A lot of beginners are going to ask that question regardless from who or where they learned it from.

Gosh, some people act like he's the cause of aids or something. 
And, yes I did learn from him.


----------



## waffle=ijm (Nov 29, 2009)

Ranzha V. Emodrach said:


> How's that for publicity?



I would really appreciate cubing to be less popular. Thanks.


----------



## TioMario (Nov 29, 2009)

Let's just say I solved my first cube thanks to his video.


----------



## Gurplex2 (Nov 29, 2009)

i learned from Ryan Heise's, hi-games site. theres a really good walkthrough there, with minimal text and no videos. its all java applets, which are nice.


----------



## ~Phoenix Death~ (Nov 29, 2009)

Yep. He's like the one who started the majority of us to start speedcubing. Thanks to his video, I already subbed 60 from him. His Tutorials were good. 
In fact, he was one of the few people who had the 4x4x4 Parity List.
In other words, he's awesome, so stop hating him.


----------



## waffle=ijm (Nov 29, 2009)

~Phoenix Death~ said:


> so stop hating him.



We all have our own opinions. mmkay.


----------



## ~Phoenix Death~ (Nov 29, 2009)

Yeah my bad. Still, it's not like he did anything bad for you to wish for him to...get hurt.


----------



## ChrisBird (Nov 29, 2009)

waffle=ijm said:


> no and I hope he dies in an ironic cubing accident. like slipping on vaseline and hits his head against his cube...then explodes.



I like this quote, it made me smile.

No I didn't learn from Dan Brown.

I do quite enjoy Dan Brown's books however (I know it is a different Dan Brown)


----------



## shelley (Nov 29, 2009)

The website I learned it from didn't even have PICTURES. You kids with your video tutorials are spoiled rotten.


----------



## Ton (Nov 29, 2009)

who?


----------



## ElderKingpin (Nov 29, 2009)

i did not. i took one look at the HEY WORLD. and left. i would not consider it a tutorial. I like badmephisto's for 2 reasons

1. Its more professional
2. He goes through the tutorial, instead of just giving a visual on what the algorithms do.

(I did not learn from either of them though. youcandothecube.com). Ironically i threw away the pamphlet that came with the cube


----------



## rowehessler (Nov 29, 2009)

i learned from lar5.com haha thank god i switched to fridrich


----------



## ben1996123 (Nov 29, 2009)

NOOOOOOOOOOOOO!!!!!


----------



## nitrocan (Nov 29, 2009)

Have you watched Dan Brown's 4x4 tutorial, especially the parity part?

It's just an abomination to everything in existence.


----------



## Edward (Nov 29, 2009)

nitrocan said:


> Have you watched Dan Brown's 4x4 tutorial, especially the parity part?
> 
> It's just an abomination to everything in existence.



He has a 4x4 tut? 

Omg he does.

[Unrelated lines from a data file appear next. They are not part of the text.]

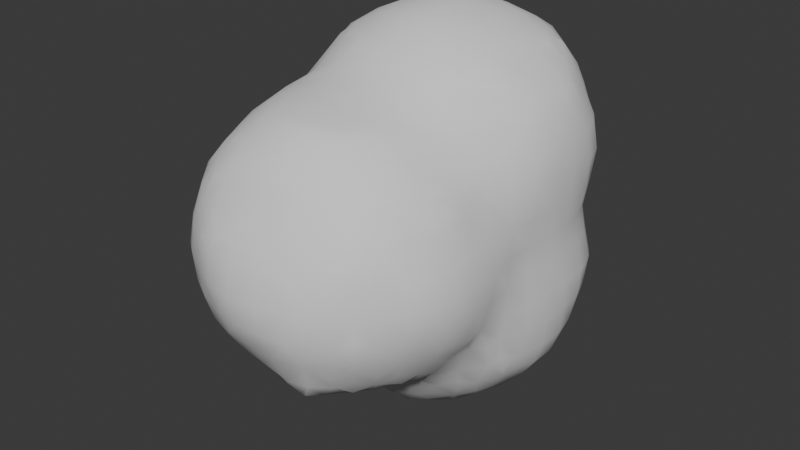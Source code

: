 # Source: Smoke01.blend  (saved by Blender 4.1.24; exported with 4.5.12 LTS)
import bpy
from mathutils import Matrix  # noqa: F401  (used for matrix-valued properties, if any)

bpy.ops.wm.read_factory_settings(use_empty=True)
scene = bpy.context.scene
scene.name = 'Scene'

# ---- world
world_world = bpy.data.worlds.new('World'); scene.world = world_world
world_world.use_nodes = True; world_world.node_tree.nodes.clear()
_N = world_world.node_tree.nodes; _L = world_world.node_tree.links
n0 = _N.new('ShaderNodeOutputWorld'); n0.name = 'World Output'; n0.location = (300, 300)
n1 = _N.new('ShaderNodeBackground'); n1.name = 'Background'; n1.location = (10, 300)
n1.inputs[0].default_value = (0.05088, 0.05088, 0.05088, 1.0)
_L.new(n1.outputs[0], n0.inputs[0])
n0.is_active_output = True
world_world.color = (0.05088, 0.05088, 0.05088)
world_world.use_sun_shadow = False
world_world.sun_shadow_jitter_overblur = 0.0

# ---- meshes
me_icosphere_001 = bpy.data.meshes.new('Icosphere.001')
me_icosphere_001.from_pydata([(-0.3341, -1.216, -0.01823), (-0.225, -1.229, -0.03327), (-0.075, -1.237, -0.05496), (-0.611, -0.9307, -0.01369), (-0.6218, -0.825, -0.0242), (-0.6271, -0.675, -0.02924), (-0.6263, -0.525, -0.0526), (-0.6012, -0.302, -0.302), (-0.614, -0.3388, -0.225), (-0.636, -0.3898, -0.08983), (-0.6129, -0.225, -0.3288), (-0.6461, -0.225, -0.225), (-0.685, -0.225, -0.075), (-0.6268, -0.075, -0.3605), (-0.6691, -0.075, -0.225), (-0.7082, -0.075, -0.075), (-0.4936, -1.093, -0.0434), (-0.4677, -0.9346, -0.1676), (-0.5306, -0.9826, -0.07855), (-0.4781, -0.825, -0.1777), (-0.5531, -0.825, -0.0992), (-0.48, -0.675, -0.1827), (-0.555, -0.675, -0.1042), (-0.4692, -0.4745, -0.3352), (-0.5036, -0.5247, -0.2245), (-0.5776, -0.525, -0.1276), (-0.4688, -0.3348, -0.4706), (-0.519, -0.3684, -0.3686), (-0.5769, -0.4138, -0.225), (-0.5999, -0.4497, -0.1497), (-0.4957, -0.225, -0.4969), (-0.5707, -0.225, -0.4038), (-0.5163, -0.075, -0.5134), (-0.5913, -0.075, -0.4355), (-0.3349, -1.069, -0.168), (-0.3845, -1.131, -0.08082), (-0.3809, -0.9807, -0.1916), (-0.4349, -1.035, -0.1434), (-0.375, -0.825, -0.2351), (-0.3249, -0.6376, -0.3198), (-0.375, -0.6826, -0.2618), (-0.3354, -0.4696, -0.4698), (-0.3802, -0.5221, -0.3775), (-0.4249, -0.5745, -0.2742), (-0.3812, -0.3809, -0.5039), (-0.4354, -0.4348, -0.4352), (-0.3401, -0.1992, -0.625), (-0.384, -0.2395, -0.5772), (-0.3602, -0.075, -0.6377), (-0.4352, -0.075, -0.5884), (-0.225, -1.083, -0.1823), (-0.225, -1.158, -0.1083), (-0.225, -0.975, -0.2441), (-0.1699, -0.787, -0.303), (-0.2219, -0.8322, -0.2851), (-0.2219, -0.6826, -0.3352), (-0.2699, -0.7376, -0.2928), (-0.225, -0.4911, -0.4947), (-0.225, -0.5661, -0.4167), (-0.1992, -0.3395, -0.6249), (-0.2395, -0.3837, -0.5754), (-0.2395, -0.2395, -0.6468), (-0.2992, -0.2992, -0.5994), (-0.225, -0.075, -0.6836), (-0.075, -1.104, -0.1924), (-0.075, -1.179, -0.13), (-0.025, -0.9031, -0.3011), (-0.075, -0.9619, -0.2732), (-0.075, -0.8322, -0.3043), (-0.125, -0.887, -0.2987), (-0.075, -0.675, -0.3684), (-0.004137, -0.4508, -0.6006), (-0.06248, -0.5009, -0.5338), (-0.075, -0.5881, -0.4388), (-0.06248, -0.3837, -0.6314), (-0.1041, -0.4395, -0.5897), (-0.075, -0.225, -0.6861), (-0.00987, -0.01124, -0.7535), (-0.06592, -0.06675, -0.7179), (-0.4701, -1.217, 0.1153), (-0.495, -1.233, 0.225), (-0.5094, -1.24, 0.375), (-0.4925, -1.232, 0.525), (-0.4674, -1.217, 0.6347), (-0.3074, -1.354, 0.4164), (-0.3074, -1.354, 0.4811), (-0.3805, -1.245, 0.06917), (-0.375, -1.301, 0.225), (-0.3645, -1.321, 0.3699), (-0.3645, -1.314, 0.5286), (-0.3843, -1.254, 0.6808), (-0.3404, -1.226, 0.7888), (-0.1607, -1.352, 0.1464), (-0.1931, -1.369, 0.225), (-0.238, -1.382, 0.3699), (-0.2315, -1.371, 0.5286), (-0.1858, -1.356, 0.6114), (-0.2164, -1.308, 0.08783), (-0.2681, -1.343, 0.225), (-0.2967, -1.348, 0.3164), (-0.2858, -1.347, 0.5811), (-0.2315, -1.322, 0.6668), (-0.225, -1.242, 0.8158), (-0.075, -1.352, 0.1442), (-0.075, -1.389, 0.225), (-0.075, -1.424, 0.375), (-0.075, -1.394, 0.525), (-0.075, -1.356, 0.6129), (-0.075, -1.312, 0.06923), (-0.075, -1.319, 0.6879), (-0.075, -1.244, 0.8236), (-0.6105, -1.065, 0.12), (-0.6264, -1.091, 0.225), (-0.6368, -1.109, 0.375), (-0.6262, -1.09, 0.525), (-0.6105, -1.064, 0.6291), (-0.6285, -0.9784, 0.07202), (-0.6793, -0.975, 0.225), (-0.7026, -0.975, 0.375), (-0.6902, -0.975, 0.525), (-0.6378, -0.9768, 0.6775), (-0.6102, -0.9281, 0.7644), (-0.6741, -0.825, 0.075), (-0.7192, -0.825, 0.225), (-0.7328, -0.825, 0.375), (-0.7309, -0.825, 0.525), (-0.6899, -0.825, 0.675), (-0.625, -0.825, 0.79), (-0.6925, -0.675, 0.075), (-0.7322, -0.675, 0.225), (-0.7334, -0.675, 0.375), (-0.7325, -0.675, 0.525), (-0.7005, -0.675, 0.675), (-0.6346, -0.675, 0.8084), (-0.6796, -0.525, 0.075), (-0.7194, -0.525, 0.225), (-0.7326, -0.525, 0.375), (-0.7322, -0.525, 0.525), (-0.6908, -0.525, 0.675), (-0.6252, -0.525, 0.7945), (-0.6669, -0.375, 0.075), (-0.6862, -0.375, 0.225), (-0.7034, -0.375, 0.375), (-0.7046, -0.375, 0.525), (-0.6794, -0.375, 0.675), (-0.6275, -0.3723, 0.8223), (-0.6099, -0.3205, 0.9286), (-0.6976, -0.225, 0.075), (-0.6782, -0.225, 0.225), (-0.6655, -0.225, 0.375), (-0.6848, -0.225, 0.525), (-0.7036, -0.225, 0.675), (-0.6773, -0.225, 0.825), (-0.6212, -0.2149, 0.9772), (-0.6013, -0.1581, 1.052), (-0.7305, -0.075, 0.075), (-0.6955, -0.075, 0.225), (-0.6662, -0.075, 0.375), (-0.7003, -0.075, 0.525), (-0.7309, -0.075, 0.675), (-0.7165, -0.075, 0.825), (-0.6581, -0.075, 0.975), (-0.6074, -0.075, 1.059), (-0.5318, -1.129, 0.06766), (-0.57, -1.166, 0.225), (-0.5844, -1.184, 0.375), (-0.5675, -1.165, 0.525), (-0.5305, -1.129, 0.6819), (-0.4935, -1.094, 0.7933), (-0.5936, -1.031, 0.02004), (-0.5935, -1.028, 0.7291), (-0.531, -0.9802, 0.8289), (-0.4685, -0.9323, 0.9164), (-0.5701, -0.825, 0.865), (-0.4951, -0.825, 0.9434), (-0.5874, -0.675, 0.8834), (-0.5124, -0.675, 0.9621), (-0.5809, -0.525, 0.8695), (-0.4963, -0.5164, 0.9848), (-0.4526, -0.4607, 1.052), (-0.583, -0.4205, 0.8704), (-0.5562, -0.3723, 0.9772), (-0.483, -0.375, 1.083), (-0.5914, -0.2581, 1.029), (-0.5268, -0.2191, 1.122), (-0.5435, -0.075, 1.134), (-0.4341, -1.193, 0.01528), (-0.4404, -1.194, 0.7347), (-0.3897, -1.141, 0.8411), (-0.339, -1.089, 0.9261), (-0.439, -1.032, 0.8933), (-0.3834, -0.9794, 0.9542), (-0.3754, -0.8343, 1.023), (-0.3256, -0.7904, 1.056), (-0.4179, -0.675, 1.037), (-0.3429, -0.675, 1.063), (-0.4316, -0.5607, 1.041), (-0.3789, -0.5164, 1.084), (-0.3832, -0.383, 1.162), (-0.4386, -0.2801, 1.191), (-0.225, -1.191, 0.8908), (-0.225, -1.116, 0.9554), (-0.2362, -0.9862, 1.033), (-0.1937, -0.9437, 1.061), (-0.2937, -0.8904, 1.048), (-0.2362, -0.8343, 1.073), (-0.225, -0.675, 1.1), (-0.229, -0.5209, 1.16), (-0.2816, -0.4384, 1.194), (-0.075, -1.199, 0.8986), (-0.075, -1.124, 0.9717), (-0.075, -1.041, 1.047), (-0.075, -0.9657, 1.067), (-0.075, -0.825, 1.1), (-0.075, -0.675, 1.126), (-0.075, -0.5533, 1.167), (-0.4622, -0.1801, 1.212), (-0.4685, -0.075, 1.218), (-0.3386, -0.3384, 1.224), (-0.3832, -0.2281, 1.247), (-0.375, -0.075, 1.282), (-0.1816, -0.4682, 1.214), (-0.229, -0.383, 1.248), (-0.214, -0.2139, 1.324), (-0.1566, -0.1565, 1.351), (-0.2498, -0.075, 1.338), (-0.1748, -0.075, 1.356), (-0.075, -0.4783, 1.221), (-0.075, -0.375, 1.289), (-0.075, -0.2636, 1.342), (-0.075, -0.1886, 1.359), (-0.075, -0.075, 1.38), (-0.6268, 0.075, -0.3605), (-0.6691, 0.075, -0.225), (-0.7088, 0.075, -0.075), (-0.6129, 0.225, -0.3288), (-0.6461, 0.225, -0.225), (-0.6845, 0.225, -0.075), (-0.6012, 0.302, -0.302), (-0.614, 0.3288, -0.225), (-0.6313, 0.3585, -0.075), (-0.5163, 0.075, -0.5134), (-0.5913, 0.075, -0.4355), (-0.4957, 0.225, -0.4969), (-0.5707, 0.225, -0.4038), (-0.4688, 0.3348, -0.4706), (-0.5184, 0.3684, -0.368), (-0.5698, 0.4038, -0.225), (-0.5898, 0.4335, -0.075), (-0.4679, 0.467, -0.334), (-0.4948, 0.494, -0.225), (-0.5148, 0.5146, -0.075), (-0.3602, 0.075, -0.6377), (-0.4352, 0.075, -0.5884), (-0.3401, 0.1993, -0.625), (-0.384, 0.2396, -0.5772), (-0.3813, 0.3809, -0.5039), (-0.4354, 0.4348, -0.434), (-0.3354, 0.4688, -0.4698), (-0.3684, 0.5179, -0.3677), (-0.4056, 0.569, -0.225), (-0.436, 0.5896, -0.075), (-0.3014, 0.6008, -0.3014), (-0.3306, 0.6176, -0.225), (-0.361, 0.6343, -0.075), (-0.225, 0.075, -0.6836), (-0.2396, 0.2396, -0.6468), (-0.2993, 0.2993, -0.5995), (-0.1993, 0.3395, -0.6249), (-0.2396, 0.3837, -0.5754), (-0.225, 0.4875, -0.4947), (-0.225, 0.5625, -0.3942), (-0.225, 0.6136, -0.3192), (-0.225, 0.6492, -0.225), (-0.225, 0.685, -0.075), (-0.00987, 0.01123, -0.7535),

I had no idea.

I learned from robh for 4x4 so .


----------



## lilkdub503 (Nov 29, 2009)

I learned 3x3 from Rubiks.com, which if you clicked is fairly solid. It resembles both Fridrich and Beginner.



nitrocan said:


> Have you watched Dan Brown's 4x4 tutorial, especially the parity part?
> 
> It's just an abomination to everything in existence.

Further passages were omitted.